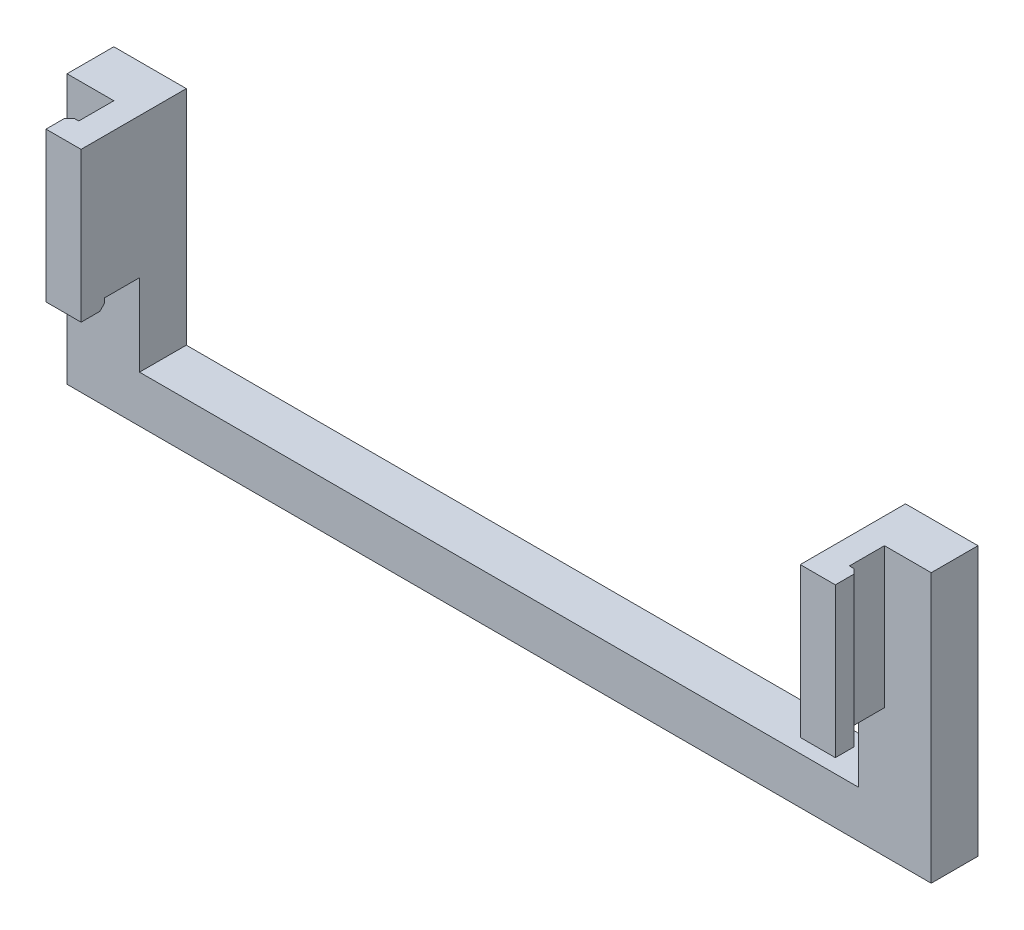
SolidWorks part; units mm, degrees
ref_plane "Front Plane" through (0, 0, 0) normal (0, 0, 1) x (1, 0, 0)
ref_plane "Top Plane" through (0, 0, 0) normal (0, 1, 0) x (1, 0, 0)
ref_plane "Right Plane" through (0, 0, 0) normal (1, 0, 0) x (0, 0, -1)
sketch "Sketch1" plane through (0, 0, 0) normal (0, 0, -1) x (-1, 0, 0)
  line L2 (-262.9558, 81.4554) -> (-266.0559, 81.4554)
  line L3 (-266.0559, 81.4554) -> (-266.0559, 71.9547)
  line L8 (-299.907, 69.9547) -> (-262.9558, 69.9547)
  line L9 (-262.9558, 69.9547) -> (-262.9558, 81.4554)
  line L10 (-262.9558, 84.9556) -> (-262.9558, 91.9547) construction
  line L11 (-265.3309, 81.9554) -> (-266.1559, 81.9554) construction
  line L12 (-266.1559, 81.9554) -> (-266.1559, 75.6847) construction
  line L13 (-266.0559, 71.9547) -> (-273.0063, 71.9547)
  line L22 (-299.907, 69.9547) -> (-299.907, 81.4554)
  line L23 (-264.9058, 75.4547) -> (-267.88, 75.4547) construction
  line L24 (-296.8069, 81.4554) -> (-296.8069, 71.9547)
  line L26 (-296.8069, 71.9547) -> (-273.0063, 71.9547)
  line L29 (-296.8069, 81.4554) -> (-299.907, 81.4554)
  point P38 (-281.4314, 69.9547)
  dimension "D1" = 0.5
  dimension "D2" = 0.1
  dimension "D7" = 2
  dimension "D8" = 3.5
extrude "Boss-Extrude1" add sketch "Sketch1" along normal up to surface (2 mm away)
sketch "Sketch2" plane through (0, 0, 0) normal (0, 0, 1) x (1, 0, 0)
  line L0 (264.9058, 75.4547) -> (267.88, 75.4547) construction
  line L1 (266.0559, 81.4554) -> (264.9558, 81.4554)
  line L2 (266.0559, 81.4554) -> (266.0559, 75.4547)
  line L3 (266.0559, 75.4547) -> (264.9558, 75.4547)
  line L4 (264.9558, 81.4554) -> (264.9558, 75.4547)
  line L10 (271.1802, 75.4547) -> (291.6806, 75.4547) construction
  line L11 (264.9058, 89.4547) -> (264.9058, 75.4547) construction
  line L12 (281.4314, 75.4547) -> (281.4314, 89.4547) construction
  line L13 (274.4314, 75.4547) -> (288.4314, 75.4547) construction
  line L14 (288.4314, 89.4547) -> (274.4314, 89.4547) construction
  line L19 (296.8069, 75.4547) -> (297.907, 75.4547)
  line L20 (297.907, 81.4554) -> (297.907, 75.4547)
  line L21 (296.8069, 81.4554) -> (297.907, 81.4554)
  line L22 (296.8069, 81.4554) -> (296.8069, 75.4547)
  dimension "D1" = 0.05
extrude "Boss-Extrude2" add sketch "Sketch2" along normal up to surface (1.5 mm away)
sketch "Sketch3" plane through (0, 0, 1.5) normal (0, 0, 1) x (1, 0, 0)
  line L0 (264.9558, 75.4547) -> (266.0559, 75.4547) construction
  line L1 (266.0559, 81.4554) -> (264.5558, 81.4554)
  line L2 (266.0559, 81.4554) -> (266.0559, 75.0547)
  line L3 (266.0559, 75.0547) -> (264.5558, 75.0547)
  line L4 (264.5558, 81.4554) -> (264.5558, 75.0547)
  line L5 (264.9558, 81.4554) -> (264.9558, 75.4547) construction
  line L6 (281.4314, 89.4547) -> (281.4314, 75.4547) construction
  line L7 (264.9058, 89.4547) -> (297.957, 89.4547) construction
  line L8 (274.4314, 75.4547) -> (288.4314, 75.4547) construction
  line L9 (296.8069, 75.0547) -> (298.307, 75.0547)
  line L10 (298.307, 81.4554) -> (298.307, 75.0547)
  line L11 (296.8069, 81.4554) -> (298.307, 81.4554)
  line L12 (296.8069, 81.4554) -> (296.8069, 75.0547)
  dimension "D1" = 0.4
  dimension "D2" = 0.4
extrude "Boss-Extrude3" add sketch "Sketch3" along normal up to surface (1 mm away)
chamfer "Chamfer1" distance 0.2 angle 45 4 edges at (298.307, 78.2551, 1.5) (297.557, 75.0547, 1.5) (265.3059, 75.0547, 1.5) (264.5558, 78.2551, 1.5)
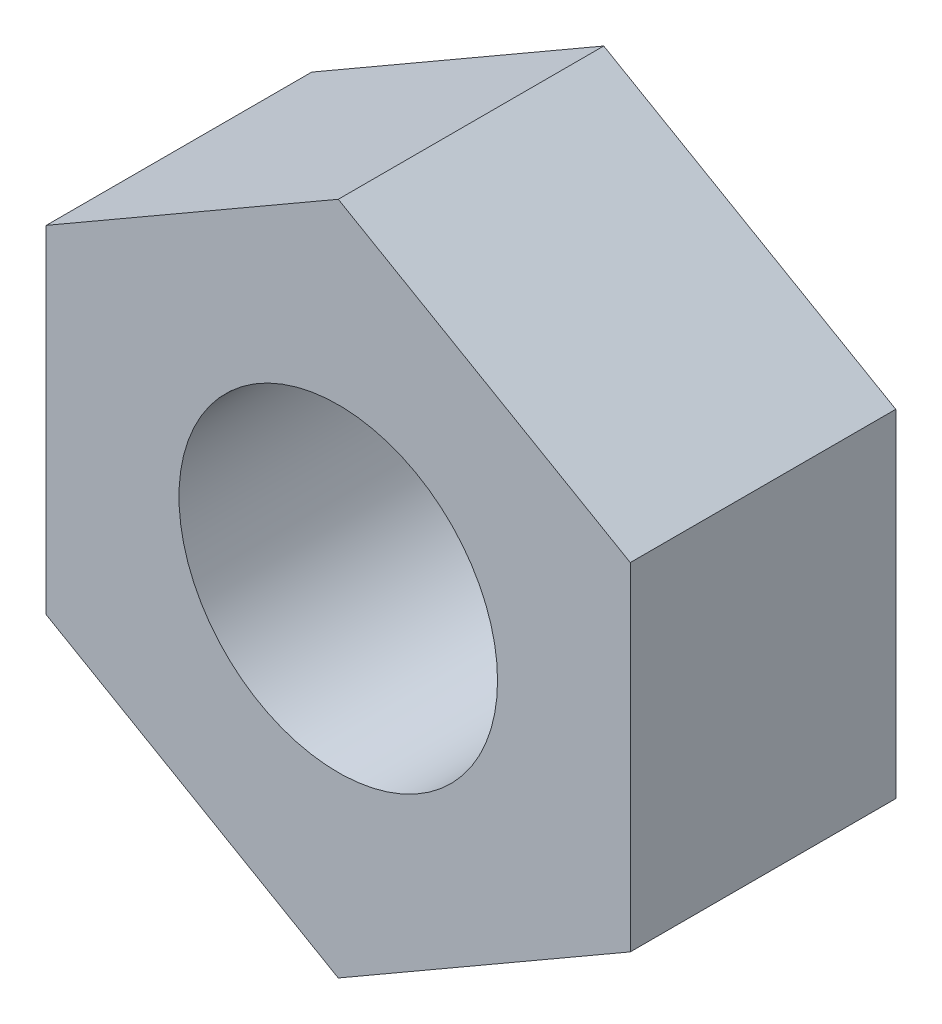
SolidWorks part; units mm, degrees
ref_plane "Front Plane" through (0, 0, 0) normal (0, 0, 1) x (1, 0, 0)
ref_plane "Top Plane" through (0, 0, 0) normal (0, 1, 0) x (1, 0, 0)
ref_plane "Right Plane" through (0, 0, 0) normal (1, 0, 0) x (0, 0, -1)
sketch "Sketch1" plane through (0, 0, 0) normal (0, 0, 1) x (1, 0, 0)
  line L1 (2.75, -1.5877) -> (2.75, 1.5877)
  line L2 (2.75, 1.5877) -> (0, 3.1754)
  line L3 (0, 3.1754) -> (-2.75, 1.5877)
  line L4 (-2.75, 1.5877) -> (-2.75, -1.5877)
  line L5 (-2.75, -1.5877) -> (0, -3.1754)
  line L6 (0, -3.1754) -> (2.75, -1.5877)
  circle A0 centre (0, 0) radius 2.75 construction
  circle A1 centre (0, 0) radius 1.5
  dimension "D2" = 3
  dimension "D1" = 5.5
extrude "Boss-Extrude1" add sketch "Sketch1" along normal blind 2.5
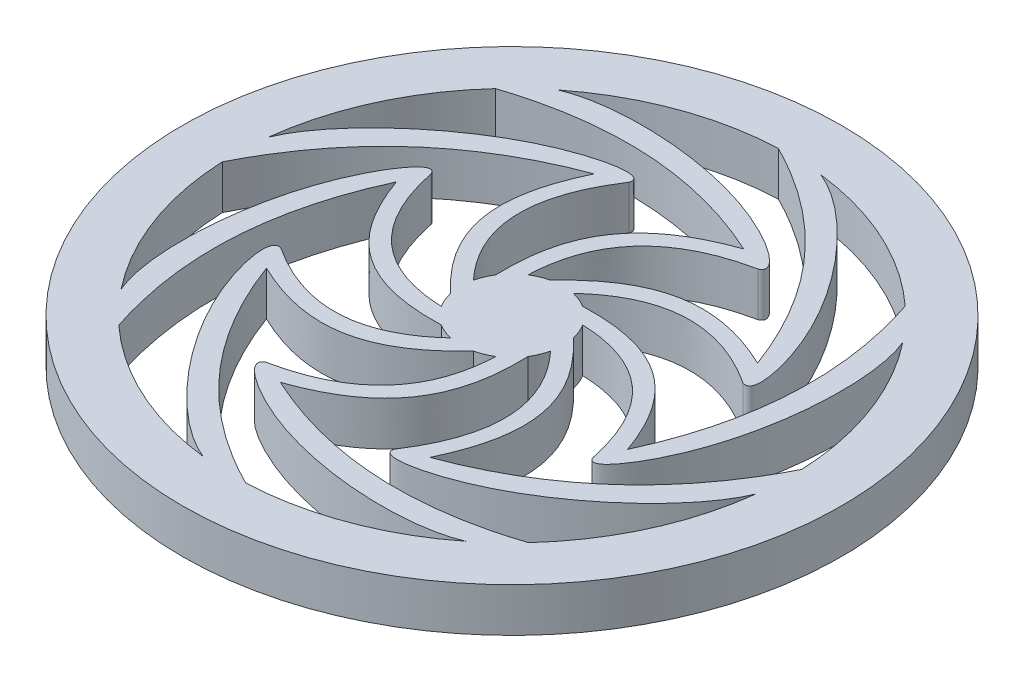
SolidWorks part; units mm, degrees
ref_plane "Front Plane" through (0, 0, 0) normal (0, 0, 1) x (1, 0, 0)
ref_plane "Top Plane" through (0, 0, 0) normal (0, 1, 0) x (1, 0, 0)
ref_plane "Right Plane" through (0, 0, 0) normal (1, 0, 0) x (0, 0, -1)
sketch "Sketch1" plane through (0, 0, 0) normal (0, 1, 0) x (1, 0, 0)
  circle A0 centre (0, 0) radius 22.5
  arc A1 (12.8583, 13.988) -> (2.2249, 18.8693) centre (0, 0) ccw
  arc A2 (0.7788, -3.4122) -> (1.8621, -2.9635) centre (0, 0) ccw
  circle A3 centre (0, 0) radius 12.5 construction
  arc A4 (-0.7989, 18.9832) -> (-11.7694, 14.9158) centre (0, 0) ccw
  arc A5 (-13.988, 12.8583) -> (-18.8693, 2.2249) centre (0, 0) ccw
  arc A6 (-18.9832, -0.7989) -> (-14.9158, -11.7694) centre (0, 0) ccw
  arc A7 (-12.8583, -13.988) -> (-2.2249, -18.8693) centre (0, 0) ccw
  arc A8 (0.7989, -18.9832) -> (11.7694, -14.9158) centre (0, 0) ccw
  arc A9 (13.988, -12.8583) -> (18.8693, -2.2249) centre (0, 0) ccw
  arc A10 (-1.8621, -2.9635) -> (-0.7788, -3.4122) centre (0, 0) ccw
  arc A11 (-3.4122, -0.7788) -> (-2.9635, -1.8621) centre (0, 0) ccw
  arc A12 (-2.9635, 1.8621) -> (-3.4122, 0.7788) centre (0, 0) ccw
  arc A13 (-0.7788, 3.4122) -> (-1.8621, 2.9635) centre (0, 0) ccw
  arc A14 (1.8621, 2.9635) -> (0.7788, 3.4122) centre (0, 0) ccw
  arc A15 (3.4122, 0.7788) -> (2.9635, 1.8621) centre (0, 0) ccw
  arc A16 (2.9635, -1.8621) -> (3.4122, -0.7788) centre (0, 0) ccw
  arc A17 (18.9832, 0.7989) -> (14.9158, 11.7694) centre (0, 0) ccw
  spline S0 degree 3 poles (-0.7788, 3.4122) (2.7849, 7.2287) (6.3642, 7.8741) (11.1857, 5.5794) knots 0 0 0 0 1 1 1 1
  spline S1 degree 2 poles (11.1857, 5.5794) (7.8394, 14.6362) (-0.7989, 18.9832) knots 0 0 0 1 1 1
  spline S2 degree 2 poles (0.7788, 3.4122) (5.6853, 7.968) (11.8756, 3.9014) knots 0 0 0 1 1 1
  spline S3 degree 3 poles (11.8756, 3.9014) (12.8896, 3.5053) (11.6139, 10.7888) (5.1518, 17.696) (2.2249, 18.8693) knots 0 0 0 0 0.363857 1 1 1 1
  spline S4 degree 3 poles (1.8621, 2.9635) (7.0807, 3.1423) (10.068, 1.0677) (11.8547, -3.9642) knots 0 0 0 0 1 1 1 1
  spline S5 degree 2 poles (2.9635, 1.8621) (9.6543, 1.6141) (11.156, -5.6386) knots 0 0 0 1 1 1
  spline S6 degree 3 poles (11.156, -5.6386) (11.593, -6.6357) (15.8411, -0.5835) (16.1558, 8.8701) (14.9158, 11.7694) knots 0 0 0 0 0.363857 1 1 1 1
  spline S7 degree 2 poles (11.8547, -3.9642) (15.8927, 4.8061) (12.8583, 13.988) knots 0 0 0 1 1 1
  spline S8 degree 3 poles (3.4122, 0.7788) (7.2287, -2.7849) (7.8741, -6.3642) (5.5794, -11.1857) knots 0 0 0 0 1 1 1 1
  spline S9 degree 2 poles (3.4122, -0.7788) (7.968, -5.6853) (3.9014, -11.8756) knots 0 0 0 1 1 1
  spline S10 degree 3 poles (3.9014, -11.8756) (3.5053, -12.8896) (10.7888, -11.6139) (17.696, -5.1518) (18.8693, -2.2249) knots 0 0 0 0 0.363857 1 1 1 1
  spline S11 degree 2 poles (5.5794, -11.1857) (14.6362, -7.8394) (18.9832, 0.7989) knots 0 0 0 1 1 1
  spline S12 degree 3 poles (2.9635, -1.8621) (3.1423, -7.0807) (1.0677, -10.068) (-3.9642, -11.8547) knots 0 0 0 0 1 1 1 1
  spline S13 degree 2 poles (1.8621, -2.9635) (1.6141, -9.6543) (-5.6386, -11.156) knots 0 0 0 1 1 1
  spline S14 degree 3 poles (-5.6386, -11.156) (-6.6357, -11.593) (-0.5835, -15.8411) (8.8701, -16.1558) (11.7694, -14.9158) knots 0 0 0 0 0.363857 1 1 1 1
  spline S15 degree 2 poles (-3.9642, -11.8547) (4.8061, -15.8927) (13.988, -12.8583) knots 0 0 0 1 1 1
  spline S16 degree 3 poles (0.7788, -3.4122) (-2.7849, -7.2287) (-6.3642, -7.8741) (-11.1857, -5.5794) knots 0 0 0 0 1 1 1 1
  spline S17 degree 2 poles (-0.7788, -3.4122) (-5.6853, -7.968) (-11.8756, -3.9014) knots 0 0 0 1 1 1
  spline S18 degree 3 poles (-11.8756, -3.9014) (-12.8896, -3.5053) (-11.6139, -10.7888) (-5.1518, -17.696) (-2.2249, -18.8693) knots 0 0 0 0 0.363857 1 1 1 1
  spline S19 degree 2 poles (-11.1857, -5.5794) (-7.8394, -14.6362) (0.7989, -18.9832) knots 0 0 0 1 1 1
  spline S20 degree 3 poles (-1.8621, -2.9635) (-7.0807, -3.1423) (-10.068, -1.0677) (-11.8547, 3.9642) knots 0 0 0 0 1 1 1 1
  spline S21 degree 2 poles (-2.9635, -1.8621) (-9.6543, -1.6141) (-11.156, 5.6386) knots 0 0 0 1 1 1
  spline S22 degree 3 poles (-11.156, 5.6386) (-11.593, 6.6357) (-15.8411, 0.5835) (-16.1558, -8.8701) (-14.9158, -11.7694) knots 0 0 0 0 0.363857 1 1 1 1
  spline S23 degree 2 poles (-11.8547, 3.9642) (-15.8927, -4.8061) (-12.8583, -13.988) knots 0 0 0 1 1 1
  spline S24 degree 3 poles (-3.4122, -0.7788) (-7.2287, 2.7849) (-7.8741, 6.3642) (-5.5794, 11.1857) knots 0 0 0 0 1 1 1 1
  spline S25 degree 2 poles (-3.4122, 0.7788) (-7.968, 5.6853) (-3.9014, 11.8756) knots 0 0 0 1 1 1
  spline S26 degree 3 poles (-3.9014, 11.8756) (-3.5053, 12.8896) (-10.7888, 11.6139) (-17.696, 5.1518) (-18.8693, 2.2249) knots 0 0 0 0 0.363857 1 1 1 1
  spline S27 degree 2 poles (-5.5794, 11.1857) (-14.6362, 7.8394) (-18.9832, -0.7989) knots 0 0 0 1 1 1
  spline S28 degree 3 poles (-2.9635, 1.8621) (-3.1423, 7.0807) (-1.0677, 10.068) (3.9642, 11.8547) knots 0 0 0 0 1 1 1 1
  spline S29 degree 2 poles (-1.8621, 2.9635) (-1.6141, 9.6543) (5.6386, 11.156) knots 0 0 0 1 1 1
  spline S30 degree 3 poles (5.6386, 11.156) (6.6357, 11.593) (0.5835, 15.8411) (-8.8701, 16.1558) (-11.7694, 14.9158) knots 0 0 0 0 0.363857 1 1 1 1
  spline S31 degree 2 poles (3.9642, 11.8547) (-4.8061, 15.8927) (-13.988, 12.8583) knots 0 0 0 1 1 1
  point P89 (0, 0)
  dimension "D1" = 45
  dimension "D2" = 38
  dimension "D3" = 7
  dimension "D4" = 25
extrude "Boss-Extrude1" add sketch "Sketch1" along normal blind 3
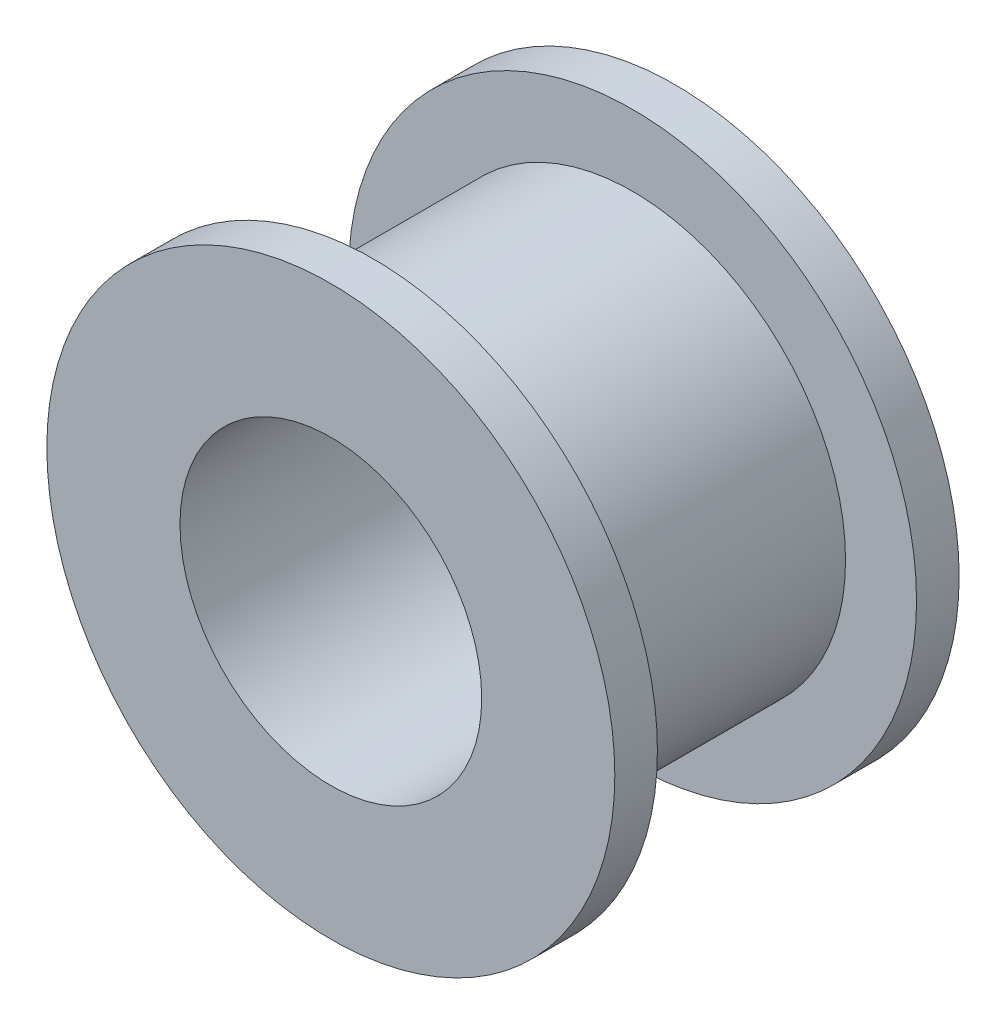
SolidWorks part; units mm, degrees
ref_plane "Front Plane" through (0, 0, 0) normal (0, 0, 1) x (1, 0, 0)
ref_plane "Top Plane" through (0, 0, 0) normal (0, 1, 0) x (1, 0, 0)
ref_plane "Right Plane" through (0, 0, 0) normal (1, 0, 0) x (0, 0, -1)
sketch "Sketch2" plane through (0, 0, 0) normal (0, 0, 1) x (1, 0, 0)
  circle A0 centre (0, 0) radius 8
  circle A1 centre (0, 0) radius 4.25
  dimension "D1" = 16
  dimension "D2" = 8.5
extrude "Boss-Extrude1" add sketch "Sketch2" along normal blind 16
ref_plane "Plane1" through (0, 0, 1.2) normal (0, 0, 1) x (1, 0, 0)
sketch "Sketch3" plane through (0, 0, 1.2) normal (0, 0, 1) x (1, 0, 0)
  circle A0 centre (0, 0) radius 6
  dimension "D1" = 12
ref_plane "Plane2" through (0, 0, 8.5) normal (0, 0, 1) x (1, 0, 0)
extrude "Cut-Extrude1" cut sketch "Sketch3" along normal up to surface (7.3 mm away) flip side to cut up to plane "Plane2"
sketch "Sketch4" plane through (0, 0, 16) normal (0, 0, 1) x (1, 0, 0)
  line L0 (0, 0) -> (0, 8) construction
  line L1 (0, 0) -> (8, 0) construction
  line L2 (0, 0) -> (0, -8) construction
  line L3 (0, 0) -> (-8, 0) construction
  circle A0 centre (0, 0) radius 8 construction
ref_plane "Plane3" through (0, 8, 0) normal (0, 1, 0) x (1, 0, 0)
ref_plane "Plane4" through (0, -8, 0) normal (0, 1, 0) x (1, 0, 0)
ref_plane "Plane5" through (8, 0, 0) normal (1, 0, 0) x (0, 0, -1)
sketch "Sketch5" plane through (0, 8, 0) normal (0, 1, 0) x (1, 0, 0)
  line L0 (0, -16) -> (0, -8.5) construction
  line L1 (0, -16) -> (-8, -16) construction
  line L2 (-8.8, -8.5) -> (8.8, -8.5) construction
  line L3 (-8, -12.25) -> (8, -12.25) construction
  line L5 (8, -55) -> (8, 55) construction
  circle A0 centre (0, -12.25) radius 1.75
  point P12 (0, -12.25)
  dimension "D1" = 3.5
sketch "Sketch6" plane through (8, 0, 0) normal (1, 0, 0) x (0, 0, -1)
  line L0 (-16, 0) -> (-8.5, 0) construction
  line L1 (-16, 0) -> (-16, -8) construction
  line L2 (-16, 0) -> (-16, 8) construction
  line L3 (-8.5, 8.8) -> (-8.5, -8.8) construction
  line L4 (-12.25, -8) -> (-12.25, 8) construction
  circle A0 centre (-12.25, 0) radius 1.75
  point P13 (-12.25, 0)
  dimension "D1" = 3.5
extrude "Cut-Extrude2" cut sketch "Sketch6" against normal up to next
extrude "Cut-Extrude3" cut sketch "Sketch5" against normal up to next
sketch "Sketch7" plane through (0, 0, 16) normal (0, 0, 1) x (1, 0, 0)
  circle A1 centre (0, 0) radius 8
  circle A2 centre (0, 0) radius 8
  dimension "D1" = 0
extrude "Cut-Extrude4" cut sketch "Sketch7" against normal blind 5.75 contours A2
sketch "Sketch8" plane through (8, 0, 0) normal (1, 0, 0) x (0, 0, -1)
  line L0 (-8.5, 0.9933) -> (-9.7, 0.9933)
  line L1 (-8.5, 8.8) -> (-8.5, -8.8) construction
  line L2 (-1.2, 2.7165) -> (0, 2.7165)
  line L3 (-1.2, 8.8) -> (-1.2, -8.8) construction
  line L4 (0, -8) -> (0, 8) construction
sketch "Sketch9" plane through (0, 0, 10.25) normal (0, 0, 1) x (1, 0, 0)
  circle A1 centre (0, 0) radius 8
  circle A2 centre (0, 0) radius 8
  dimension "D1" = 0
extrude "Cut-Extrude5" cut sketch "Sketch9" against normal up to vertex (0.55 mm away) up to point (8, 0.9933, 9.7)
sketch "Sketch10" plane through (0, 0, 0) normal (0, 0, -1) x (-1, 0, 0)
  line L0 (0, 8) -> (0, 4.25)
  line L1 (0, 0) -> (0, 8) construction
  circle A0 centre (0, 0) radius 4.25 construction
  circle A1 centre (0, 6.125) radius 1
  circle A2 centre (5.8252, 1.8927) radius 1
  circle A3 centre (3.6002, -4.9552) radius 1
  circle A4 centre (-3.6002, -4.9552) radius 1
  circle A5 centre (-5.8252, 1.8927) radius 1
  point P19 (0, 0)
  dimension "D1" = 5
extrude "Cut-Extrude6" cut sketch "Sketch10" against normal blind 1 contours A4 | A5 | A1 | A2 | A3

**Work order**
Across the material above, how many lines include the word "contours"? Respond with nothing but the number.

**Written answer**
2